Count the lines below that hold "Radians". Give the number without comment.
***** Data extracts
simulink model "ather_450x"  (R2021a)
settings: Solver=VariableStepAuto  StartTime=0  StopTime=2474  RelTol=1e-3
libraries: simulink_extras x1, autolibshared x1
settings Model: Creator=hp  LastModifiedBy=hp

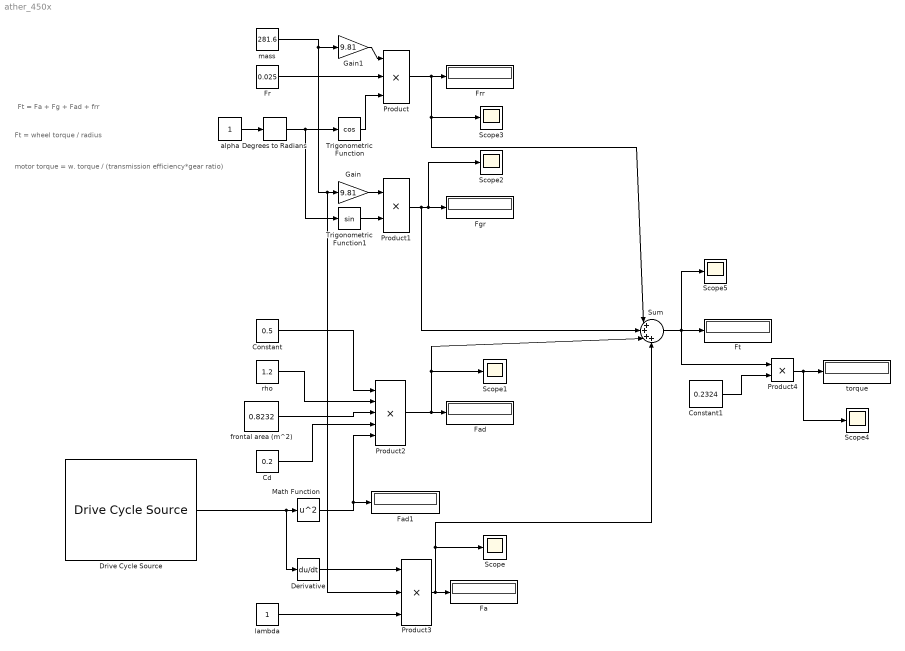
== system ather_450x ==
  note: motor torque = w. torque / (transmission efficiency*gear ratio)
  note: Ft = wheel torque / radius
  note: Ft = Fa + Fg + Fad + frr
  Cd : Constant  Value=0.2
  Constant : Constant  Value=0.5
  Constant1 : Constant  Value=0.2324
  Degrees to Radians : simulink_extras/Transformations/Degrees to Radians
  Derivative : Derivative
  Drive Cycle Source : autolibshared/Drive Cycle Source  cycleVar=FTP75  fileVar=cycleFTP75.mat  tfinal="2474  seconds"  cycleRepeat=off  outAccPort=off  outGearPort=off  gearList=No gear data  t_wot1=5  xdot_woto=0  xdot_wot1=30  t_wot2=20  xdot_wot2=0  t_wotend=30  srcUnit=m/s  outUnit=m/s  srcAccUnit=m/s/s  outAccUnit=m/s^2  dt=0  aMode=1  faultOption=off  velBnd=2  velBndUnit=mph  inUnit=m/s  timeBnd=1  failOption=off  stopSim=off  maxFaultCnt=10  maxFaultTime=2  maxTotFaultTime=15  traceOption=off  dtTrace=1  traceWindow=10  lastDCname=FTP75  lastOutUnit=mph  lastDT=0  lastTB=1  lastSB=2  forceCalcBound=off
      settings: SourceProductBaseCode=PW,DR,MT,UV,VE
  Fa : Display
  Fad : Display
  Fad1 : Display
  Fgr : Display
  Fr : Constant  Value=0.025
  Frr : Display
  Ft : Display
  Gain : Gain  Gain=9.81
  Gain1 : Gain  Gain=9.81
  Math Function : Math  Operator=square  SaturateOnIntegerOverflow=on
  Product : Product  Inputs=3
  Product1 : Product
  Product2 : Product  Inputs=5
  Product3 : Product  Inputs=3
  Product4 : Product
  Scope{,1..5} (6 alike) : Scope
  Sum : Sum  Inputs=|++++
  Trigonometric Function : Trigonometry  Operator=cos
  Trigonometric Function1 : Trigonometry
  alpha : Constant
  frontal area (m^2) : Constant  Value=0.8232
  lambda : Constant
  mass : Constant  Value=281.6
  rho : Constant  Value=1.2
  torque : Display
  wires:
  alpha/1 -> Degrees to Radians/1
  Product/1 -> Scope3/1, Sum/1, Frr/1
  Product1/1 -> Sum/2, Scope2/1, Fgr/1
  Degrees to Radians/1 -> Trigonometric Function/1, Trigonometric Function1/1
  Trigonometric Function/1 -> Product/3
  Fr/1 -> Product/2
  Trigonometric Function1/1 -> Product1/2
  Drive Cycle Source/1 -> Derivative/1, Math Function/1
  frontal area (m^2)/1 -> Product2/3
  rho/1 -> Product2/2
  Constant/1 -> Product2/1
  Cd/1 -> Product2/4
  Math Function/1 -> Fad1/1, Product2/5
  Product2/1 -> Sum/3, Scope1/1, Fad/1
  mass/1 -> Gain/1, Product3/2, Gain1/1
  lambda/1 -> Product3/3
  Product3/1 -> Scope/1, Sum/4, Fa/1
  Derivative/1 -> Product3/1
  Sum/1 -> Scope5/1, Product4/1, Ft/1
  Product4/1 -> Scope4/1, torque/1
  Constant1/1 -> Product4/2
  Gain/1 -> Product1/1
  Gain1/1 -> Product/1
**********
[Response below] 3